I remember that. It was only a 8 or 9 lb fish and I was using 30lb Power Pro. I asked for a gaff and a couple said just reel him up. So I reeled him up 30 feet onto the pier.

Sometimes that braid is good stuff.


----------



## alphachief (Aug 10, 2015)

15lb Power Pro with 4-5' 20 lb fluorocarbon leader for all my inshore fishing.


----------



## GA_SPORSTMAN (Sep 10, 2015)

will the big game cast along way on the catmaxx spinning reel


----------



## teethdoc (Sep 14, 2015)

I fish mostly flats and back water for anything from Specks to Big Bull Reds.  I like 20lb Fins Windtamer braid with leader of choice (I've been using Iron Silk lately.). That Windtamer is so much easier to cast into the wind.


----------



## RudySmith (Sep 19, 2015)

I like Fireline original with a fluorocarbon leader, 30# test for most fishing like that, and 50# Power Pro for heavier stuff like tarpon and kings and around snaggy structure.


----------



## robinsonfam1 (Sep 19, 2015)

depends on rod/reel set up.
my heavy surf rods that are ready for shark etc: 20-30# copolymer line as main. heavy shock leader twice length of rod min 50#.

casting rods for plugs etc: power pro 30#+ with mono, flouro, copolymer leader anywhere from 20# up depending on what im fishing with and what for.

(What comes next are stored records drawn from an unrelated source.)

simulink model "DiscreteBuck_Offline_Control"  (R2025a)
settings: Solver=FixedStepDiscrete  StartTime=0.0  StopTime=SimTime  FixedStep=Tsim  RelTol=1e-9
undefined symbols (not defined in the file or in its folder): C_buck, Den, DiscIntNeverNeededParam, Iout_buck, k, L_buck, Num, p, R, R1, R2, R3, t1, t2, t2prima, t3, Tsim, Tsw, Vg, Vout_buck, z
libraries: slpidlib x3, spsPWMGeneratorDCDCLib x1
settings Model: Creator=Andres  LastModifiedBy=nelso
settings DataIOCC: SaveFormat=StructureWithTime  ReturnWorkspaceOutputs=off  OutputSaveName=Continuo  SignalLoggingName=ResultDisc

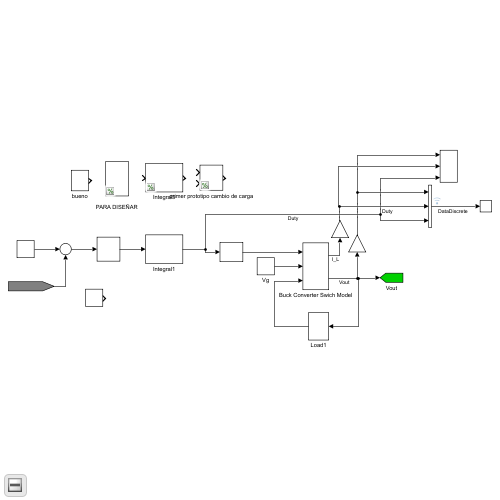
[thumbnail: Simulink's stored preview of the top-level diagram]
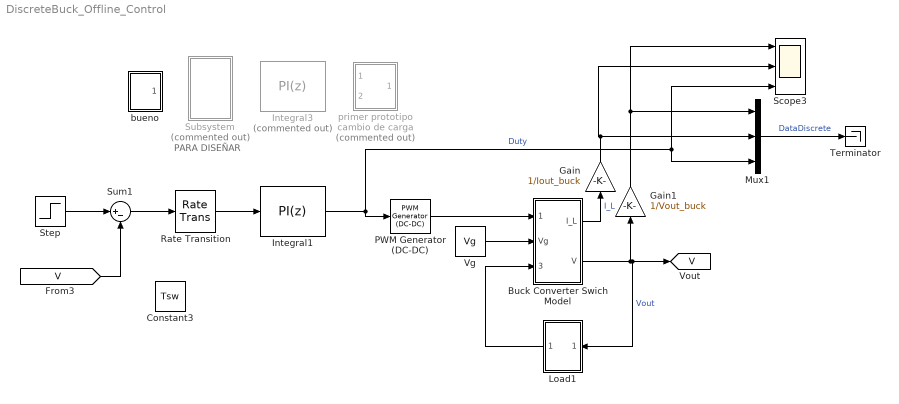
== system DiscreteBuck_Offline_Control ==
  note: PARA DISEÑAR
  Buck Converter Swich Model : Subsystem
      mask Display: image('$imagefile'); % Use "Edit Image" on toolstrip to change.
  Constant3 : Constant  Value=Tsw  SampleTime=Tsw
  Gain : Gain  Gain=1/Iout_buck
  Gain1 : Gain  Gain=1/Vout_buck
  Integral1 : slpidlib/PID Controller  Controller=PI  Form=Parallel  TimeDomain=Discrete-time  UseExternalTs=off  SampleTime=Tsw  IntegratorMethod=Trapezoidal  FilterMethod=Forward Euler  ControllerParametersSource=internal  P=0  I=3.4446  UseKiTs=off  D=1.78707996704397e-06  UseExternalDerivativeSource=off  N=1  UseFilter=off  TunerSelectOption=Transfer Function Based (PID Tuner App)  InitialConditionSource=internal  InitialConditionForIntegrator=0  InitialConditionForFilter=0  DifferentiatorICPrevScaledInput=0  ExternalReset=none  IgnoreLimit=on  TrackingMode=off  Kt=1  LimitOutput=on  SatLimitsSource=internal  UpperSaturationLimit=0.98  LowerSaturationLimit=0  LinearizeAsGain=on  AntiWindupMode=clamping  Kb=1  LimitIntegrator=off  UpperIntegratorSaturationLimit=inf  LowerIntegratorSaturationLimit=-inf  POutMin=[]  POutMax=[]  IOutMin=[]  IOutMax=[]  DOutMin=[]  DOutMax=[]  NOutMin=[]  NOutMax=[]  SumOutMin=[]  SumOutMax=[]  SaturationOutMin=[]  SaturationOutMax=[]  PParamMin=[]  PParamMax=[]  IParamMin=[]  IParamMax=[]  DParamMin=[]  DParamMax=[]  NParamMin=[]  NParamMax=[]  KbParamMin=[]  KbParamMax=[]  KtParamMin=[]  KtParamMax=[]  KbOutMin=[]  KbOutMax=[]  KtOutMin=[]  KtOutMax=[]  IntegratorOutMin=[]  IntegratorOutMax=[]  FilterOutMin=[]  FilterOutMax=[]  SumI1OutMin=[]  SumI1OutMax=[]  SumI2OutMin=[]  SumI2OutMax=[]  SumI3OutMin=[]  SumI3OutMax=[]  SumI4OutMin=[]  SumI4OutMax=[]  SumDOutMin=[]  SumDOutMax=[]  DifferentiatorOutMin=[]  DifferentiatorOutMax=[]  FilterDiffOutCoefMin=[]  FilterDiffOutCoefMax=[]  ReciprocalOutMin=[]  ReciprocalOutMax=[]  SumDenOutMin=[]  SumDenOutMax=[]  SumNumOutMin=[]  SumNumOutMax=[]  DivideOutMin=[]  DivideOutMax=[]  UdiffTsProdOutMin=[]  UdiffTsProdOutMax=[]  NTsProdOutMin=[]  NTsProdOutMax=[]  UintegralTsProdOutMin=[]  UintegralTsProdOutMax=[]  UngainTsProdOutMin=[]  UngainTsProdOutMax=[]  ClampingZeroOutDataTypeStr=Inherit: Inherit via back propagation  ClampingZeroOutMin=[]  ClampingZeroOutMax=[]  FilterDenConstantOutDataTypeStr=Inherit: Inherit via back propagation  FilterDenConstantOutMin=[]  FilterDenConstantOutMax=[]  PCopyOutDataTypeStr=Inherit: Inherit via back propagation  PCopyOutMin=[]  PCopyOutMax=[]  NCopyOutDataTypeStr=Inherit: Inherit via back propagation  NCopyOutMin=[]  NCopyOutMax=[]  IntegratorContinuousStateAttributes=''  IntegratorStateMustResolveToSignalObject=off  IntegratorRTWStateStorageClass=Auto  FilterContinuousStateAttributes=''  FilterStateMustResolveToSignalObject=off  FilterRTWStateStorageClass=Auto  ParallelPVariant=InternalParameters  IdealPVariant=Disabled  IVariant=InternalParameters  DVariant=Disabled  IntegratorVariant=Discrete  SatVariant=Enabled  AWVariant=DiscClampingParallel  PCopyVariant=Disabled  TRVariant=Disabled  FdbkBlocksVariant=Feedback  IdealPFdbkVariant=Passthrough  SatFdbkVariant=Passthrough  DerivativeFilterVariant=Disabled  NVariant=Disabled  NCopyVariant=Disabled_SignalSpec  FilterICVariant=Disabled  IntegratorICVariant=InternalICs  ExternalResetVariant=Disabled  TRSumVariant=Passthrough  SumFdbkVariant=Enabled  SumVariant=Sum_PI  TsampFilterVariant=InternalTs  TsampNgainVariant=Passthrough  TsampIntegralVariant=Disabled_SignalSpec  ExternalSaturationOutDataTypeStr=Inherit: Same as second input  DerivativeSourceVariant=Disabled  PreIntVariant=InternalPreInt
  Integral3 : slpidlib/PID Controller  Commented=on  Controller=PI  Form=Parallel  TimeDomain=Discrete-time  UseExternalTs=off  SampleTime=Tsw  IntegratorMethod=Trapezoidal  FilterMethod=Forward Euler  ControllerParametersSource=internal  P=0.0995683460340593  I=172.683701506663  UseKiTs=off  D=1.78707996704397e-06  UseExternalDerivativeSource=off  N=1  UseFilter=off  TunerSelectOption=Transfer Function Based (PID Tuner App)  InitialConditionSource=internal  InitialConditionForIntegrator=0  InitialConditionForFilter=0  DifferentiatorICPrevScaledInput=0  ExternalReset=none  IgnoreLimit=on  TrackingMode=off  Kt=1  LimitOutput=on  SatLimitsSource=internal  UpperSaturationLimit=0.98  LowerSaturationLimit=0  LinearizeAsGain=on  AntiWindupMode=clamping  Kb=1  LimitIntegrator=off  UpperIntegratorSaturationLimit=inf  LowerIntegratorSaturationLimit=-inf  POutMin=[]  POutMax=[]  IOutMin=[]  IOutMax=[]  DOutMin=[]  DOutMax=[]  NOutMin=[]  NOutMax=[]  SumOutMin=[]  SumOutMax=[]  SaturationOutMin=[]  SaturationOutMax=[]  PParamMin=[]  PParamMax=[]  IParamMin=[]  IParamMax=[]  DParamMin=[]  DParamMax=[]  NParamMin=[]  NParamMax=[]  KbParamMin=[]  KbParamMax=[]  KtParamMin=[]  KtParamMax=[]  KbOutMin=[]  KbOutMax=[]  KtOutMin=[]  KtOutMax=[]  IntegratorOutMin=[]  IntegratorOutMax=[]  FilterOutMin=[]  FilterOutMax=[]  SumI1OutMin=[]  SumI1OutMax=[]  SumI2OutMin=[]  SumI2OutMax=[]  SumI3OutMin=[]  SumI3OutMax=[]  SumI4OutMin=[]  SumI4OutMax=[]  SumDOutMin=[]  SumDOutMax=[]  DifferentiatorOutMin=[]  DifferentiatorOutMax=[]  FilterDiffOutCoefMin=[]  FilterDiffOutCoefMax=[]  ReciprocalOutMin=[]  ReciprocalOutMax=[]  SumDenOutMin=[]  SumDenOutMax=[]  SumNumOutMin=[]  SumNumOutMax=[]  DivideOutMin=[]  DivideOutMax=[]  UdiffTsProdOutMin=[]  UdiffTsProdOutMax=[]  NTsProdOutMin=[]  NTsProdOutMax=[]  UintegralTsProdOutMin=[]  UintegralTsProdOutMax=[]  UngainTsProdOutMin=[]  UngainTsProdOutMax=[]  ClampingZeroOutDataTypeStr=Inherit: Inherit via back propagation  ClampingZeroOutMin=[]  ClampingZeroOutMax=[]  FilterDenConstantOutDataTypeStr=Inherit: Inherit via back propagation  FilterDenConstantOutMin=[]  FilterDenConstantOutMax=[]  PCopyOutDataTypeStr=Inherit: Inherit via back propagation  PCopyOutMin=[]  PCopyOutMax=[]  NCopyOutDataTypeStr=Inherit: Inherit via back propagation  NCopyOutMin=[]  NCopyOutMax=[]  IntegratorContinuousStateAttributes=''  IntegratorStateMustResolveToSignalObject=off  IntegratorRTWStateStorageClass=Auto  FilterContinuousStateAttributes=''  FilterStateMustResolveToSignalObject=off  FilterRTWStateStorageClass=Auto  ParallelPVariant=InternalParameters  IdealPVariant=Disabled  IVariant=InternalParameters  DVariant=Disabled  IntegratorVariant=Discrete  SatVariant=Enabled  AWVariant=DiscClampingParallel  PCopyVariant=Disabled  TRVariant=Disabled  FdbkBlocksVariant=Feedback  IdealPFdbkVariant=Passthrough  SatFdbkVariant=Passthrough  DerivativeFilterVariant=Disabled  NVariant=Disabled  NCopyVariant=Disabled_SignalSpec  FilterICVariant=Disabled  IntegratorICVariant=InternalICs  ExternalResetVariant=Disabled  TRSumVariant=Passthrough  SumFdbkVariant=Enabled  SumVariant=Sum_PI  TsampFilterVariant=InternalTs  TsampNgainVariant=Passthrough  TsampIntegralVariant=Disabled_SignalSpec  ExternalSaturationOutDataTypeStr=Inherit: Same as second input  DerivativeSourceVariant=Disabled  PreIntVariant=InternalPreInt
  Load1 : Subsystem
  Mux1 : Mux  Inputs=3
  PWM Generator (DC-DC) : spsPWMGeneratorDCDCLib/PWM Generator (DC-DC)  Fsw=f_sw  Ts=Tsim
  Rate Transition : RateTransition  OutPortSampleTime=Tsw
  Scope3 : Scope  NumInputPorts=3
      settings: ActiveDisplayYMinimum=-0.14314423307746524  ActiveDisplayYMaximum=1.2882980976971874  YLabel=Voltage (V)
  Step : Step  Time=0.01  After=12
  Subsystem : Subsystem  Commented=on
  Sum1 : Sum  Inputs=|+-
  Terminator : Terminator
  Vg : Constant  Value=Vg  SampleTime=-1
  bueno : Subsystem
  primer prototipo cambio de carga : Subsystem  Commented=on
  tag scope: V=global
  wires:
  Vg/1 -> Buck Converter Swich Model/2(Vg)
  PWM Generator (DC-DC)/1 -> Buck Converter Swich Model/1(PWM)
  Step/1 -> Sum1/1
  [V] -> Sum1/2
  Sum1/1 -> Rate Transition/1
  Buck Converter Swich Model/2(V) -> Gain1/1, Load1/1(Vout), [V]  "Vout"
  Mux1/1 -> Terminator/1  "DataDiscrete"
  Integral1/1 -> PWM Generator (DC-DC)/1, Scope3/3, Mux1/3  "Duty"
  Buck Converter Swich Model/1(I_L) -> Gain/1  "I_L"
  Rate Transition/1 -> Integral1/1
  Load1/1(iload) -> Buck Converter Swich Model/3(I_load)
  Gain/1 -> Scope3/2, Mux1/2
  Gain1/1 -> Scope3/1, Mux1/1

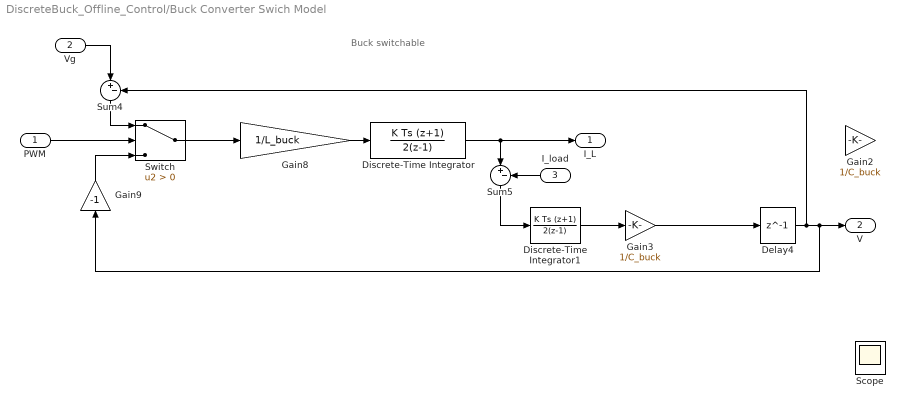
== system DiscreteBuck_Offline_Control/Buck Converter Swich Model ==
  note: Buck switchable
  PWM : Inport
  Vg : Inport  Port=2
  I_load : Inport  Port=3
  Delay4 : Delay  DelayLength=1  InputProcessing=Columns as channels (frame based)
  Discrete-Time Integrator : DiscreteIntegrator  IntegratorMethod=Integration: Trapezoidal  SampleTime=Tsim  LimitOutput=on  LowerSaturationLimit=0  ICPrevOutput=DiscIntNeverNeededParam  ICPrevScaledInput=DiscIntNeverNeededParam
  Discrete-Time Integrator1 : DiscreteIntegrator  IntegratorMethod=Integration: Trapezoidal  SampleTime=Tsim  ICPrevOutput=DiscIntNeverNeededParam  ICPrevScaledInput=DiscIntNeverNeededParam
  Gain2 : Gain  Gain=1/C_buck
  Gain3 : Gain  Gain=1/C_buck
  Gain8 : Gain  Gain=1/L_buck
  Gain9 : Gain  Gain=-1
  Scope : Scope  NumInputPorts=2
      settings: ActiveDisplayYMinimum=-2.4027986803455188  ActiveDisplayYMaximum=21.625188123109673
  Sum4 : Sum  Inputs=|+-
  Sum5 : Sum  Inputs=|+-
  Switch : Switch  Criteria=u2 > Threshold  SaturateOnIntegerOverflow=off  InputSameDT=off
  I_L : Outport
  V : Outport  Port=2
  wires:
  Gain9/1 -> Switch/3
  Switch/1 -> Gain8/1
  Sum4/1 -> Switch/1
  Gain8/1 -> Discrete-Time Integrator/1
  Sum5/1 -> Discrete-Time Integrator1/1
  Discrete-Time Integrator/1 -> I_L/1, Sum5/1
  Vg/1 -> Sum4/1
  I_load/1 -> Sum5/2
  PWM/1 -> Switch/2
  Delay4/1 -> Sum4/2, Gain9/1, V/1
  Discrete-Time Integrator1/1 -> Gain3/1
  Gain3/1 -> Delay4/1

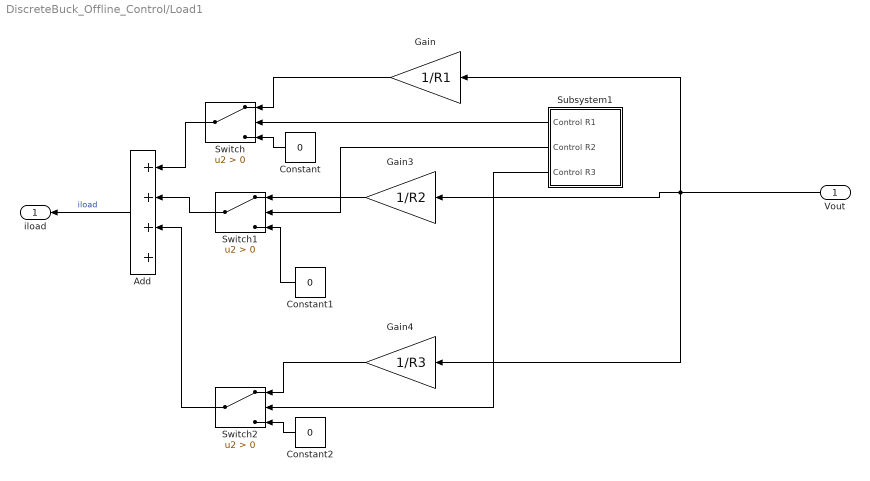
== system DiscreteBuck_Offline_Control/Load1 ==
  Vout : Inport
  Add : Sum  Inputs=++++
  Constant : Constant  Value=0
  Constant1 : Constant  Value=0
  Constant2 : Constant  Value=0
  Gain : Gain  Gain=1/R1
  Gain3 : Gain  Gain=1/R2
  Gain4 : Gain  Gain=1/R3
  Subsystem1 : Subsystem
  Switch : Switch  Criteria=u2 > Threshold  SaturateOnIntegerOverflow=off  InputSameDT=off
  Switch1 : Switch  Criteria=u2 > Threshold  SaturateOnIntegerOverflow=off  InputSameDT=off
  Switch2 : Switch  Criteria=u2 > Threshold  SaturateOnIntegerOverflow=off  InputSameDT=off
  iload : Outport
  wires:
  Add/1 -> iload/1  "iload"
  Gain3/1 -> Switch1/1
  Constant/1 -> Switch/3
  Subsystem1/3(Control R3) -> Switch2/2
  Switch1/1 -> Add/2
  Constant2/1 -> Switch2/3
  Switch/1 -> Add/1
  Vout/1 -> Gain3/1, Gain/1, Gain4/1
  Subsystem1/1(Control R1) -> Switch/2
  Subsystem1/2(Control R2) -> Switch1/2
  Gain/1 -> Switch/1
  Gain4/1 -> Switch2/1
  Switch2/1 -> Add/3
  Constant1/1 -> Switch1/3

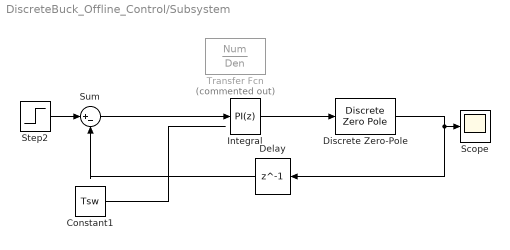
== system DiscreteBuck_Offline_Control/Subsystem ==
  Constant1 : Constant  Value=Tsw
  Delay : Delay  DelayLength=1  InputProcessing=Columns as channels (frame based)
  Discrete Zero-Pole : DiscreteZeroPole  Zeros=z  Poles=p  Gain=k  SampleTime=Tsim
  Integral : slpidlib/PID Controller  Controller=PI  Form=Parallel  TimeDomain=Discrete-time  UseExternalTs=off  SampleTime=Tsw  IntegratorMethod=Trapezoidal  FilterMethod=Forward Euler  ControllerParametersSource=internal  P=0.000518134045814252  I=108.332907969673  UseKiTs=off  D=1.78707996704397e-06  UseExternalDerivativeSource=off  N=1  UseFilter=off  TunerSelectOption=Transfer Function Based (PID Tuner App)  InitialConditionSource=internal  InitialConditionForIntegrator=0  InitialConditionForFilter=0  DifferentiatorICPrevScaledInput=0  ExternalReset=none  IgnoreLimit=on  TrackingMode=off  Kt=1  LimitOutput=on  SatLimitsSource=internal  UpperSaturationLimit=12  LowerSaturationLimit=0  LinearizeAsGain=on  AntiWindupMode=clamping  Kb=1  LimitIntegrator=off  UpperIntegratorSaturationLimit=inf  LowerIntegratorSaturationLimit=-inf  POutMin=[]  POutMax=[]  IOutMin=[]  IOutMax=[]  DOutMin=[]  DOutMax=[]  NOutMin=[]  NOutMax=[]  SumOutMin=[]  SumOutMax=[]  SaturationOutMin=[]  SaturationOutMax=[]  PParamMin=[]  PParamMax=[]  IParamMin=[]  IParamMax=[]  DParamMin=[]  DParamMax=[]  NParamMin=[]  NParamMax=[]  KbParamMin=[]  KbParamMax=[]  KtParamMin=[]  KtParamMax=[]  KbOutMin=[]  KbOutMax=[]  KtOutMin=[]  KtOutMax=[]  IntegratorOutMin=[]  IntegratorOutMax=[]  FilterOutMin=[]  FilterOutMax=[]  SumI1OutMin=[]  SumI1OutMax=[]  SumI2OutMin=[]  SumI2OutMax=[]  SumI3OutMin=[]  SumI3OutMax=[]  SumI4OutMin=[]  SumI4OutMax=[]  SumDOutMin=[]  SumDOutMax=[]  DifferentiatorOutMin=[]  DifferentiatorOutMax=[]  FilterDiffOutCoefMin=[]  FilterDiffOutCoefMax=[]  ReciprocalOutMin=[]  ReciprocalOutMax=[]  SumDenOutMin=[]  SumDenOutMax=[]  SumNumOutMin=[]  SumNumOutMax=[]  DivideOutMin=[]  DivideOutMax=[]  UdiffTsProdOutMin=[]  UdiffTsProdOutMax=[]  NTsProdOutMin=[]  NTsProdOutMax=[]  UintegralTsProdOutMin=[]  UintegralTsProdOutMax=[]  UngainTsProdOutMin=[]  UngainTsProdOutMax=[]  ClampingZeroOutDataTypeStr=Inherit: Inherit via back propagation  ClampingZeroOutMin=[]  ClampingZeroOutMax=[]  FilterDenConstantOutDataTypeStr=Inherit: Inherit via back propagation  FilterDenConstantOutMin=[]  FilterDenConstantOutMax=[]  PCopyOutDataTypeStr=Inherit: Inherit via back propagation  PCopyOutMin=[]  PCopyOutMax=[]  NCopyOutDataTypeStr=Inherit: Inherit via back propagation  NCopyOutMin=[]  NCopyOutMax=[]  IntegratorContinuousStateAttributes=''  IntegratorStateMustResolveToSignalObject=off  IntegratorRTWStateStorageClass=Auto  FilterContinuousStateAttributes=''  FilterStateMustResolveToSignalObject=off  FilterRTWStateStorageClass=Auto  ParallelPVariant=InternalParameters  IdealPVariant=Disabled  IVariant=InternalParameters  DVariant=Disabled  IntegratorVariant=Discrete  SatVariant=Enabled  AWVariant=DiscClampingParallel  PCopyVariant=Disabled  TRVariant=Disabled  FdbkBlocksVariant=Feedback  IdealPFdbkVariant=Passthrough  SatFdbkVariant=Passthrough  DerivativeFilterVariant=Disabled  NVariant=Disabled  NCopyVariant=Disabled_SignalSpec  FilterICVariant=Disabled  IntegratorICVariant=InternalICs  ExternalResetVariant=Disabled  TRSumVariant=Passthrough  SumFdbkVariant=Enabled  SumVariant=Sum_PI  TsampFilterVariant=InternalTs  TsampNgainVariant=Passthrough  TsampIntegralVariant=Disabled_SignalSpec  ExternalSaturationOutDataTypeStr=Inherit: Same as second input  DerivativeSourceVariant=Disabled  PreIntVariant=InternalPreInt
  Scope : Scope
      settings: TimeSpan=0.1  ActiveDisplayYMinimum=-0.625  ActiveDisplayYMaximum=5.625  DataLoggingVariableName=ScopeData2
  Step2 : Step  Time=0  After=5
  Sum : Sum  Inputs=|+-
  Transfer Fcn : TransferFcn  Commented=on  Numerator=Num  Denominator=Den
  wires:
  Constant1/1 -> ?
  Step2/1 -> Sum/1
  Discrete Zero-Pole/1 -> Delay/1, Scope/1
  Delay/1 -> Sum/2
  Sum/1 -> Integral/1
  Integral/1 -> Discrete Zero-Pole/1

copolymer stretches A LOT and is very abrasion resistant. it can handle a lot of pressure without snapping. i also use it on my trolling set ups.


----------



## deers2ward (Sep 27, 2015)

30# braid and 20-30# fluoro leader


----------



## deers2ward (Sep 27, 2015)

You can get by with lighter line which is fine for trout and dink reds, but you get a big snook on that wants to wrap you around some structure and you will be glad you got the heavier stuff.


----------



## bhdawgs (Oct 8, 2015)

I like 12# P Line Flouroclear for inshore fishing.   Never have been broken off even with big Reds.


----------



## Hunting Teacher (Oct 23, 2015)

alphachief said:


> 15lb Power Pro with 4-5' 20 lb fluorocarbon leader for all my inshore fishing.


We have a winner!!
Actually though, I'm cheap so tried some of the braid on ebay from China, or Singapore, or Taiwan, or Malaysia, etc.
I can't tell the difference between it and Power Pro or any of the other name brand braids. I expected it to be stiff, get wind knots, break easier, or not last as long. After three years of using different pound and brands, it all compares to Power Pro. Only difference is the stuff from Asia costs about $10.00 for 300 meters! I've caught everything from bass to reds to kings to tuna on it.


----------



## Browning Slayer (Oct 24, 2015)

alphachief said:


> 15lb Power Pro with 4-5' 20 lb fluorocarbon leader for all my inshore fishing.



This! Sometimes I change the leader to a 12 or 15 lb as long as the Spanish aren't thick.


----------